WHAT YOU HAVE TO DO » Take the lines from the beginning of the material through the line containing "#4=PRODUCT('Part','Part','',(#3));" and retype them exactly, leaving the pictures out.

EXERCISE DATA »
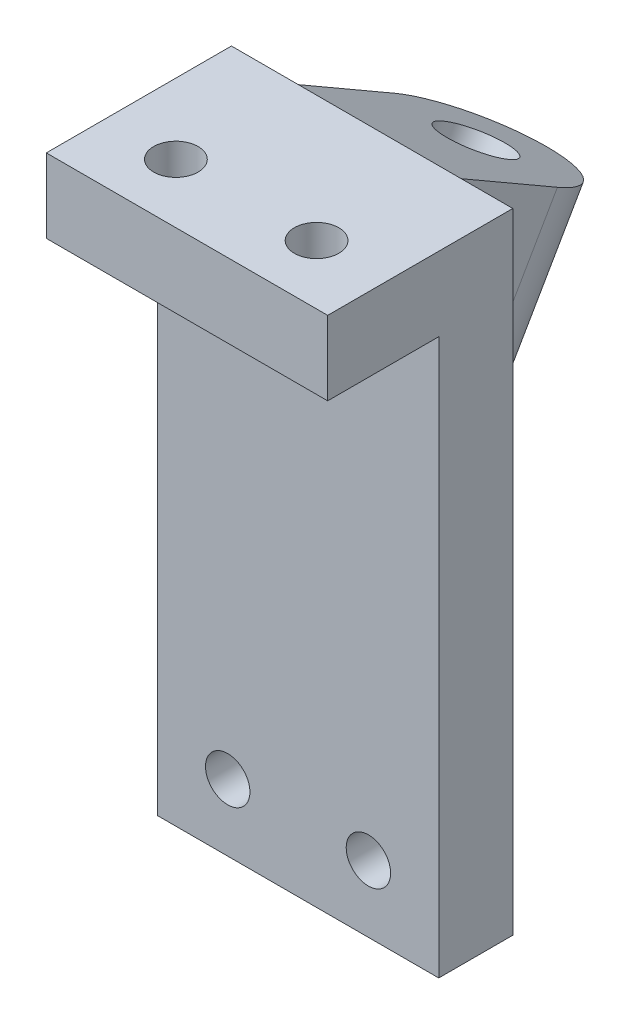
ISO-10303-21;
HEADER;
FILE_DESCRIPTION(('STEP AP214'),'2;1');
FILE_NAME('part.step','',(''),(''),'','','');
FILE_SCHEMA(('AUTOMOTIVE_DESIGN { 1 0 10303 214 1 1 1 1 }'));
ENDSEC;
DATA;
#1=APPLICATION_CONTEXT('core data for automotive mechanical design processes');
#2=APPLICATION_PROTOCOL_DEFINITION('international standard','automotive_design',2000,#1);
#3=PRODUCT_CONTEXT('',#1,'mechanical');
#4=PRODUCT('Part','Part','',(#3));
#5=PRODUCT_RELATED_PRODUCT_CATEGORY('part','',(#4));
#6=PRODUCT_DEFINITION_FORMATION('','',#4);
#7=PRODUCT_DEFINITION_CONTEXT('part definition',#1,'design');
#8=PRODUCT_DEFINITION('design','',#6,#7);
#9=PRODUCT_DEFINITION_SHAPE('','',#8);
#10=(LENGTH_UNIT() NAMED_UNIT(*) SI_UNIT(.MILLI.,.METRE.));
#11=(NAMED_UNIT(*) PLANE_ANGLE_UNIT() SI_UNIT($,.RADIAN.));
#12=(NAMED_UNIT(*) SI_UNIT($,.STERADIAN.) SOLID_ANGLE_UNIT());
#13=UNCERTAINTY_MEASURE_WITH_UNIT(LENGTH_MEASURE(1.E-05),#10,'distance_accuracy_value','');
#14=(GEOMETRIC_REPRESENTATION_CONTEXT(3) GLOBAL_UNCERTAINTY_ASSIGNED_CONTEXT((#13)) GLOBAL_UNIT_ASSIGNED_CONTEXT((#10,
#11,#12)) REPRESENTATION_CONTEXT('',''));
#15=CARTESIAN_POINT('',(0.,0.,0.));
#16=DIRECTION('',(0.,0.,1.));
#17=DIRECTION('',(1.,0.,0.));
#18=AXIS2_PLACEMENT_3D('',#15,#16,#17);
#19=CARTESIAN_POINT('',(0.,20.,0.));
#20=DIRECTION('',(0.,-1.,0.));
#21=DIRECTION('',(0.,0.,-1.));
#22=AXIS2_PLACEMENT_3D('',#19,#20,#21);
#23=PLANE('',#22);
#24=DIRECTION('',(0.,0.,-1.));
#25=VECTOR('',#24,1.);
#26=CARTESIAN_POINT('',(38.,20.,25.));
#27=LINE('',#26,#25);
#28=CARTESIAN_POINT('',(38.,20.,25.));
#29=VERTEX_POINT('',#28);
#30=CARTESIAN_POINT('',(38.,20.,-25.));
#31=VERTEX_POINT('',#30);
#32=EDGE_CURVE('E157',#29,#31,#27,.T.);
#33=ORIENTED_EDGE('',*,*,#32,.T.);
#34=DIRECTION('',(-1.,0.,0.));
#35=VECTOR('',#34,1.);
#36=CARTESIAN_POINT('',(-38.,20.,-25.));
#37=LINE('',#36,#35);
#38=CARTESIAN_POINT('',(24.0680143691403,20.,-25.));
#39=VERTEX_POINT('',#38);
#40=EDGE_CURVE('E156',#31,#39,#37,.T.);
#41=ORIENTED_EDGE('',*,*,#40,.T.);
#42=DIRECTION('',(-1.,0.,0.));
#43=VECTOR('',#42,1.);
#44=CARTESIAN_POINT('',(-19.9319856308597,20.,-25.));
#45=LINE('',#44,#43);
#46=CARTESIAN_POINT('',(-19.9319856308597,20.,-25.));
#47=VERTEX_POINT('',#46);
#48=EDGE_CURVE('E143',#39,#47,#45,.T.);
#49=ORIENTED_EDGE('',*,*,#48,.T.);
#50=CARTESIAN_POINT('',(-38.,20.,-25.));
#51=VERTEX_POINT('',#50);
#52=EDGE_CURVE('E150',#47,#51,#37,.T.);
#53=ORIENTED_EDGE('',*,*,#52,.T.);
#54=DIRECTION('',(0.,0.,1.));
#55=VECTOR('',#54,1.);
#56=CARTESIAN_POINT('',(-38.,20.,25.));
#57=LINE('',#56,#55);
#58=CARTESIAN_POINT('',(-38.,20.,25.));
#59=VERTEX_POINT('',#58);
#60=EDGE_CURVE('E205',#51,#59,#57,.T.);
#61=ORIENTED_EDGE('',*,*,#60,.T.);
#62=DIRECTION('',(1.,0.,0.));
#63=VECTOR('',#62,1.);
#64=CARTESIAN_POINT('',(-38.,20.,25.));
#65=LINE('',#64,#63);
#66=EDGE_CURVE('E207',#59,#29,#65,.T.);
#67=ORIENTED_EDGE('',*,*,#66,.T.);
#68=EDGE_LOOP('',(#33,#41,#49,#53,#61,#67));
#69=FACE_BOUND('',#68,.T.);
#70=CARTESIAN_POINT('',(-19.,20.,9.));
#71=DIRECTION('',(0.,1.,0.));
#72=DIRECTION('',(0.,0.,1.));
#73=AXIS2_PLACEMENT_3D('',#70,#71,#72);
#74=CIRCLE('',#73,6.);
#75=CARTESIAN_POINT('',(-19.,20.,15.));
#76=VERTEX_POINT('',#75);
#77=EDGE_CURVE('E197',#76,#76,#74,.T.);
#78=ORIENTED_EDGE('',*,*,#77,.F.);
#79=EDGE_LOOP('',(#78));
#80=FACE_BOUND('',#79,.T.);
#81=CARTESIAN_POINT('',(19.,20.,9.));
#82=DIRECTION('',(0.,1.,0.));
#83=DIRECTION('',(0.,0.,-1.));
#84=AXIS2_PLACEMENT_3D('',#81,#82,#83);
#85=CIRCLE('',#84,6.);
#86=CARTESIAN_POINT('',(19.,20.,3.));
#87=VERTEX_POINT('',#86);
#88=EDGE_CURVE('E191',#87,#87,#85,.T.);
#89=ORIENTED_EDGE('',*,*,#88,.F.);
#90=EDGE_LOOP('',(#89));
#91=FACE_BOUND('',#90,.T.);
#92=ADVANCED_FACE('F54',(#69,#80,#91),#23,.F.);
#93=CARTESIAN_POINT('',(0.,0.,0.));
#94=DIRECTION('',(0.,-1.,0.));
#95=DIRECTION('',(0.,0.,-1.));
#96=AXIS2_PLACEMENT_3D('',#93,#94,#95);
#97=PLANE('',#96);
#98=DIRECTION('',(-1.,0.,0.));
#99=VECTOR('',#98,1.);
#100=CARTESIAN_POINT('',(-38.,0.,-5.));
#101=LINE('',#100,#99);
#102=CARTESIAN_POINT('',(38.,0.,-5.));
#103=VERTEX_POINT('',#102);
#104=CARTESIAN_POINT('',(-38.,0.,-5.));
#105=VERTEX_POINT('',#104);
#106=EDGE_CURVE('E79',#103,#105,#101,.T.);
#107=ORIENTED_EDGE('',*,*,#106,.F.);
#108=DIRECTION('',(0.,0.,-1.));
#109=VECTOR('',#108,1.);
#110=CARTESIAN_POINT('',(38.,0.,25.));
#111=LINE('',#110,#109);
#112=CARTESIAN_POINT('',(38.,0.,25.));
#113=VERTEX_POINT('',#112);
#114=EDGE_CURVE('E200',#113,#103,#111,.T.);
#115=ORIENTED_EDGE('',*,*,#114,.F.);
#116=DIRECTION('',(1.,0.,0.));
#117=VECTOR('',#116,1.);
#118=CARTESIAN_POINT('',(-38.,0.,25.));
#119=LINE('',#118,#117);
#120=CARTESIAN_POINT('',(-38.,0.,25.));
#121=VERTEX_POINT('',#120);
#122=EDGE_CURVE('E203',#121,#113,#119,.T.);
#123=ORIENTED_EDGE('',*,*,#122,.F.);
#124=DIRECTION('',(0.,0.,1.));
#125=VECTOR('',#124,1.);
#126=CARTESIAN_POINT('',(-38.,0.,25.));
#127=LINE('',#126,#125);
#128=EDGE_CURVE('E211',#105,#121,#127,.T.);
#129=ORIENTED_EDGE('',*,*,#128,.F.);
#130=EDGE_LOOP('',(#107,#115,#123,#129));
#131=FACE_BOUND('',#130,.T.);
#132=CARTESIAN_POINT('',(-19.,0.,9.));
#133=DIRECTION('',(0.,1.,0.));
#134=DIRECTION('',(0.,0.,1.));
#135=AXIS2_PLACEMENT_3D('',#132,#133,#134);
#136=CIRCLE('',#135,6.);
#137=CARTESIAN_POINT('',(-19.,0.,15.));
#138=VERTEX_POINT('',#137);
#139=EDGE_CURVE('E194',#138,#138,#136,.T.);
#140=ORIENTED_EDGE('',*,*,#139,.T.);
#141=EDGE_LOOP('',(#140));
#142=FACE_BOUND('',#141,.T.);
#143=CARTESIAN_POINT('',(19.,0.,9.));
#144=DIRECTION('',(0.,1.,0.));
#145=DIRECTION('',(0.,0.,-1.));
#146=AXIS2_PLACEMENT_3D('',#143,#144,#145);
#147=CIRCLE('',#146,6.);
#148=CARTESIAN_POINT('',(19.,0.,3.));
#149=VERTEX_POINT('',#148);
#150=EDGE_CURVE('E190',#149,#149,#147,.T.);
#151=ORIENTED_EDGE('',*,*,#150,.T.);
#152=EDGE_LOOP('',(#151));
#153=FACE_BOUND('',#152,.T.);
#154=ADVANCED_FACE('F251',(#131,#142,#153),#97,.T.);
#155=CARTESIAN_POINT('',(38.,20.,25.));
#156=DIRECTION('',(-1.,0.,0.));
#157=DIRECTION('',(0.,0.,1.));
#158=AXIS2_PLACEMENT_3D('',#155,#156,#157);
#159=PLANE('',#158);
#160=ORIENTED_EDGE('',*,*,#114,.T.);
#161=DIRECTION('',(0.,1.,0.));
#162=VECTOR('',#161,1.);
#163=CARTESIAN_POINT('',(38.,-150.,-5.));
#164=LINE('',#163,#162);
#165=CARTESIAN_POINT('',(38.,-150.,-5.));
#166=VERTEX_POINT('',#165);
#167=EDGE_CURVE('E187',#166,#103,#164,.T.);
#168=ORIENTED_EDGE('',*,*,#167,.F.);
#169=DIRECTION('',(0.,0.,1.));
#170=VECTOR('',#169,1.);
#171=CARTESIAN_POINT('',(38.,-150.,-25.));
#172=LINE('',#171,#170);
#173=CARTESIAN_POINT('',(38.,-150.,-25.));
#174=VERTEX_POINT('',#173);
#175=EDGE_CURVE('E179',#174,#166,#172,.T.);
#176=ORIENTED_EDGE('',*,*,#175,.F.);
#177=DIRECTION('',(0.,-1.,0.));
#178=VECTOR('',#177,1.);
#179=CARTESIAN_POINT('',(38.,20.,-25.));
#180=LINE('',#179,#178);
#181=EDGE_CURVE('E63',#31,#174,#180,.T.);
#182=ORIENTED_EDGE('',*,*,#181,.F.);
#183=ORIENTED_EDGE('',*,*,#32,.F.);
#184=DIRECTION('',(0.,-1.,0.));
#185=VECTOR('',#184,1.);
#186=CARTESIAN_POINT('',(38.,20.,25.));
#187=LINE('',#186,#185);
#188=EDGE_CURVE('E209',#29,#113,#187,.T.);
#189=ORIENTED_EDGE('',*,*,#188,.T.);
#190=EDGE_LOOP('',(#160,#168,#176,#182,#183,#189));
#191=FACE_BOUND('',#190,.T.);
#192=ADVANCED_FACE('F56',(#191),#159,.F.);
#193=CARTESIAN_POINT('',(-38.,20.,-25.));
#194=DIRECTION('',(0.,0.,1.));
#195=DIRECTION('',(1.,0.,0.));
#196=AXIS2_PLACEMENT_3D('',#193,#194,#195);
#197=PLANE('',#196);
#198=CARTESIAN_POINT('',(19.,-132.,-25.));
#199=DIRECTION('',(0.,0.,-1.));
#200=DIRECTION('',(-1.,0.,0.));
#201=AXIS2_PLACEMENT_3D('',#198,#199,#200);
#202=CIRCLE('',#201,6.);
#203=CARTESIAN_POINT('',(13.,-132.,-25.));
#204=VERTEX_POINT('',#203);
#205=EDGE_CURVE('E167',#204,#204,#202,.T.);
#206=ORIENTED_EDGE('',*,*,#205,.F.);
#207=EDGE_LOOP('',(#206));
#208=FACE_BOUND('',#207,.T.);
#209=CARTESIAN_POINT('',(-19.,-132.,-25.));
#210=DIRECTION('',(0.,0.,-1.));
#211=DIRECTION('',(1.,0.,0.));
#212=AXIS2_PLACEMENT_3D('',#209,#210,#211);
#213=CIRCLE('',#212,6.);
#214=CARTESIAN_POINT('',(-13.,-132.,-25.));
#215=VERTEX_POINT('',#214);
#216=EDGE_CURVE('E147',#215,#215,#213,.T.);
#217=ORIENTED_EDGE('',*,*,#216,.F.);
#218=EDGE_LOOP('',(#217));
#219=FACE_BOUND('',#218,.T.);
#220=ORIENTED_EDGE('',*,*,#52,.F.);
#221=DIRECTION('',(0.,-1.,0.));
#222=VECTOR('',#221,1.);
#223=CARTESIAN_POINT('',(-19.9319856308597,-116.161986088652,-25.));
#224=LINE('',#223,#222);
#225=CARTESIAN_POINT('',(-19.9319856308597,-40.0000000000002,-25.));
#226=VERTEX_POINT('',#225);
#227=EDGE_CURVE('E129',#47,#226,#224,.T.);
#228=ORIENTED_EDGE('',*,*,#227,.T.);
#229=CARTESIAN_POINT('',(2.06801436914032,-40.0000000000003,-25.));
#230=DIRECTION('',(0.,0.,1.));
#231=DIRECTION('',(0.,1.,0.));
#232=AXIS2_PLACEMENT_3D('',#229,#230,#231);
#233=ELLIPSE('',#232,44.0000000000002,22.);
#234=CARTESIAN_POINT('',(24.0680143691403,-40.0000000000003,-25.));
#235=VERTEX_POINT('',#234);
#236=EDGE_CURVE('E137',#226,#235,#233,.T.);
#237=ORIENTED_EDGE('',*,*,#236,.T.);
#238=DIRECTION('',(0.,1.,0.));
#239=VECTOR('',#238,1.);
#240=CARTESIAN_POINT('',(24.0680143691403,-116.161986088652,-25.));
#241=LINE('',#240,#239);
#242=EDGE_CURVE('E162',#235,#39,#241,.T.);
#243=ORIENTED_EDGE('',*,*,#242,.T.);
#244=ORIENTED_EDGE('',*,*,#40,.F.);
#245=ORIENTED_EDGE('',*,*,#181,.T.);
#246=DIRECTION('',(1.,0.,0.));
#247=VECTOR('',#246,1.);
#248=CARTESIAN_POINT('',(-38.,-150.,-25.));
#249=LINE('',#248,#247);
#250=CARTESIAN_POINT('',(-38.,-150.,-25.));
#251=VERTEX_POINT('',#250);
#252=EDGE_CURVE('E176',#251,#174,#249,.T.);
#253=ORIENTED_EDGE('',*,*,#252,.F.);
#254=DIRECTION('',(0.,-1.,0.));
#255=VECTOR('',#254,1.);
#256=CARTESIAN_POINT('',(-38.,20.,-25.));
#257=LINE('',#256,#255);
#258=EDGE_CURVE('E153',#51,#251,#257,.T.);
#259=ORIENTED_EDGE('',*,*,#258,.F.);
#260=EDGE_LOOP('',(#220,#228,#237,#243,#244,#245,#253,#259));
#261=FACE_BOUND('',#260,.T.);
#262=ADVANCED_FACE('F151',(#208,#219,#261),#197,.F.);
#263=CARTESIAN_POINT('',(-38.,20.,25.));
#264=DIRECTION('',(1.,0.,0.));
#265=DIRECTION('',(0.,0.,-1.));
#266=AXIS2_PLACEMENT_3D('',#263,#264,#265);
#267=PLANE('',#266);
#268=ORIENTED_EDGE('',*,*,#258,.T.);
#269=DIRECTION('',(0.,0.,-1.));
#270=VECTOR('',#269,1.);
#271=CARTESIAN_POINT('',(-38.,-150.,-25.));
#272=LINE('',#271,#270);
#273=CARTESIAN_POINT('',(-38.,-150.,-5.));
#274=VERTEX_POINT('',#273);
#275=EDGE_CURVE('E173',#274,#251,#272,.T.);
#276=ORIENTED_EDGE('',*,*,#275,.F.);
#277=DIRECTION('',(0.,1.,0.));
#278=VECTOR('',#277,1.);
#279=CARTESIAN_POINT('',(-38.,-150.,-5.));
#280=LINE('',#279,#278);
#281=EDGE_CURVE('E183',#274,#105,#280,.T.);
#282=ORIENTED_EDGE('',*,*,#281,.T.);
#283=ORIENTED_EDGE('',*,*,#128,.T.);
#284=DIRECTION('',(0.,-1.,0.));
#285=VECTOR('',#284,1.);
#286=CARTESIAN_POINT('',(-38.,20.,25.));
#287=LINE('',#286,#285);
#288=EDGE_CURVE('E216',#59,#121,#287,.T.);
#289=ORIENTED_EDGE('',*,*,#288,.F.);
#290=ORIENTED_EDGE('',*,*,#60,.F.);
#291=EDGE_LOOP('',(#268,#276,#282,#283,#289,#290));
#292=FACE_BOUND('',#291,.T.);
#293=ADVANCED_FACE('F265',(#292),#267,.F.);
#294=CARTESIAN_POINT('',(-38.,20.,25.));
#295=DIRECTION('',(0.,0.,-1.));
#296=DIRECTION('',(-1.,0.,0.));
#297=AXIS2_PLACEMENT_3D('',#294,#295,#296);
#298=PLANE('',#297);
#299=ORIENTED_EDGE('',*,*,#122,.T.);
#300=ORIENTED_EDGE('',*,*,#188,.F.);
#301=ORIENTED_EDGE('',*,*,#66,.F.);
#302=ORIENTED_EDGE('',*,*,#288,.T.);
#303=EDGE_LOOP('',(#299,#300,#301,#302));
#304=FACE_BOUND('',#303,.T.);
#305=ADVANCED_FACE('F262',(#304),#298,.F.);
#306=CARTESIAN_POINT('',(-19.,20.,9.));
#307=DIRECTION('',(0.,-1.,0.));
#308=DIRECTION('',(0.,0.,-1.));
#309=AXIS2_PLACEMENT_3D('',#306,#307,#308);
#310=CYLINDRICAL_SURFACE('',#309,6.);
#311=ORIENTED_EDGE('',*,*,#77,.T.);
#312=EDGE_LOOP('',(#311));
#313=FACE_BOUND('',#312,.T.);
#314=ORIENTED_EDGE('',*,*,#139,.F.);
#315=EDGE_LOOP('',(#314));
#316=FACE_BOUND('',#315,.T.);
#317=ADVANCED_FACE('F259',(#313,#316),#310,.F.);
#318=CARTESIAN_POINT('',(19.,20.,9.));
#319=DIRECTION('',(0.,-1.,0.));
#320=DIRECTION('',(0.,0.,-1.));
#321=AXIS2_PLACEMENT_3D('',#318,#319,#320);
#322=CYLINDRICAL_SURFACE('',#321,6.);
#323=ORIENTED_EDGE('',*,*,#88,.T.);
#324=EDGE_LOOP('',(#323));
#325=FACE_BOUND('',#324,.T.);
#326=ORIENTED_EDGE('',*,*,#150,.F.);
#327=EDGE_LOOP('',(#326));
#328=FACE_BOUND('',#327,.T.);
#329=ADVANCED_FACE('F317',(#325,#328),#322,.F.);
#330=CARTESIAN_POINT('',(-38.,-150.,-5.));
#331=DIRECTION('',(0.,0.,-1.));
#332=DIRECTION('',(-1.,0.,0.));
#333=AXIS2_PLACEMENT_3D('',#330,#331,#332);
#334=PLANE('',#333);
#335=CARTESIAN_POINT('',(19.,-132.,-5.00000000000002));
#336=DIRECTION('',(0.,0.,-1.));
#337=DIRECTION('',(-1.,0.,0.));
#338=AXIS2_PLACEMENT_3D('',#335,#336,#337);
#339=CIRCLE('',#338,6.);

SOLUTION »
ISO-10303-21;
HEADER;
FILE_DESCRIPTION(('STEP AP214'),'2;1');
FILE_NAME('part.step','',(''),(''),'','','');
FILE_SCHEMA(('AUTOMOTIVE_DESIGN { 1 0 10303 214 1 1 1 1 }'));
ENDSEC;
DATA;
#1=APPLICATION_CONTEXT('core data for automotive mechanical design processes');
#2=APPLICATION_PROTOCOL_DEFINITION('international standard','automotive_design',2000,#1);
#3=PRODUCT_CONTEXT('',#1,'mechanical');
#4=PRODUCT('Part','Part','',(#3));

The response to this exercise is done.